Exercise objective:
Without the pictures, reproduce the records that follow exactly.

The input:
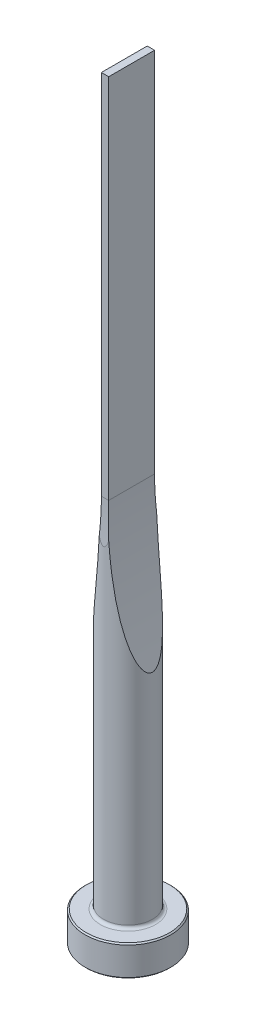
from build123d import *

# Parameters (mm, degrees)
CUT_EXTRUDE1_DEPTH = 5
CUT_EXTRUDE2_DEPTH = 5


with BuildPart() as part:
    # Sketch1 → Revolve1 (revolve)
    with BuildSketch(Plane.XY, mode=Mode.PRIVATE) as revolve1_sk:
        with BuildLine():
            Line((0, 0), (6.8, 0))
            Line((6.8, 0), (7, 0.2))
            Line((7, 0.2), (7, 4.8))
            Line((7, 4.8), (6.8, 5))
            Line((6.8, 5), (4.5, 5))
            ThreePointArc((4.5, 5), (4.146446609, 5.146446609), (4, 5.5))
            Line((4, 5.5), (4, 125))
            Line((4, 125), (0, 125))
            Line((0, 125), (0, 0))
        make_face()
    revolve(revolve1_sk.sketch.rotate(Axis((0, 125, 0), (0, -1, 0)), 180), axis=Axis((0, 125, 0), (0, -1, 0)))

    # Sketch2 → Cut-Extrude1 (cut, symmetric)
    with BuildSketch(Plane.XY):
        with BuildLine():
            Line((0.6, 125), (0.6, 65))
            ThreePointArc((0.6, 65), (1.454052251, 52.630683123), (4, 40.496122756))
            Line((4, 40.496122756), (4, 125))
            Line((4, 125), (0.6, 125))
        make_face()
        with BuildLine():
            Line((-0.6, 125), (-0.6, 65))
            ThreePointArc((-0.6, 65), (-1.454052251, 52.630683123), (-4, 40.496122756))
            Line((-4, 40.496122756), (-4, 125))
            Line((-4, 125), (-0.6, 125))
        make_face()
    extrude(amount=CUT_EXTRUDE1_DEPTH, both=True, mode=Mode.SUBTRACT)

    # Sketch3 → Cut-Extrude2 (cut, symmetric)
    with BuildSketch(Plane(origin=(0, 0, 0), x_dir=(0, 0, -1), z_dir=(1, 0, 0))):
        with BuildLine():
            Line((3.75, 125), (3.75, 65))
            ThreePointArc((3.75, 65), (3.812521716, 61.645898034), (4, 58.296456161))
            Line((4, 58.296456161), (4, 125))
            Line((4, 125), (3.75, 125))
        make_face()
        with BuildLine():
            Line((-3.75, 125), (-3.75, 65))
            ThreePointArc((-3.75, 65), (-3.812521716, 61.645898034), (-4, 58.296456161))
            Line((-4, 58.296456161), (-4, 125))
            Line((-4, 125), (-3.75, 125))
        make_face()
    extrude(amount=CUT_EXTRUDE2_DEPTH, both=True, mode=Mode.SUBTRACT)


solid = part.part

Task output:
from build123d import *

# Parameters (mm, degrees)
CUT_EXTRUDE1_DEPTH = 5
CUT_EXTRUDE2_DEPTH = 5


with BuildPart() as part:
    # Sketch1 → Revolve1 (revolve)
    with BuildSketch(Plane.XY, mode=Mode.PRIVATE) as revolve1_sk:
        with BuildLine():
            Line((0, 0), (6.8, 0))
            Line((6.8, 0), (7, 0.2))
            Line((7, 0.2), (7, 4.8))
            Line((7, 4.8), (6.8, 5))
            Line((6.8, 5), (4.5, 5))
            ThreePointArc((4.5, 5), (4.146446609, 5.146446609), (4, 5.5))
            Line((4, 5.5), (4, 125))
            Line((4, 125), (0, 125))
            Line((0, 125), (0, 0))
        make_face()
    revolve(revolve1_sk.sketch.rotate(Axis((0, 125, 0), (0, -1, 0)), 180), axis=Axis((0, 125, 0), (0, -1, 0)))

    # Sketch2 → Cut-Extrude1 (cut, symmetric)
    with BuildSketch(Plane.XY):
        with BuildLine():
            Line((0.6, 125), (0.6, 65))
            ThreePointArc((0.6, 65), (1.454052251, 52.630683123), (4, 40.496122756))
            Line((4, 40.496122756), (4, 125))
            Line((4, 125), (0.6, 125))
        make_face()
        with BuildLine():
            Line((-0.6, 125), (-0.6, 65))
            ThreePointArc((-0.6, 65), (-1.454052251, 52.630683123), (-4, 40.496122756))
            Line((-4, 40.496122756), (-4, 125))
            Line((-4, 125), (-0.6, 125))
        make_face()
    extrude(amount=CUT_EXTRUDE1_DEPTH, both=True, mode=Mode.SUBTRACT)

    # Sketch3 → Cut-Extrude2 (cut, symmetric)
    with BuildSketch(Plane(origin=(0, 0, 0), x_dir=(0, 0, -1), z_dir=(1, 0, 0))):
        with BuildLine():
            Line((3.75, 125), (3.75, 65))
            ThreePointArc((3.75, 65), (3.812521716, 61.645898034), (4, 58.296456161))
            Line((4, 58.296456161), (4, 125))
            Line((4, 125), (3.75, 125))
        make_face()
        with BuildLine():
            Line((-3.75, 125), (-3.75, 65))
            ThreePointArc((-3.75, 65), (-3.812521716, 61.645898034), (-4, 58.296456161))
            Line((-4, 58.296456161), (-4, 125))
            Line((-4, 125), (-3.75, 125))
        make_face()
    extrude(amount=CUT_EXTRUDE2_DEPTH, both=True, mode=Mode.SUBTRACT)


solid = part.part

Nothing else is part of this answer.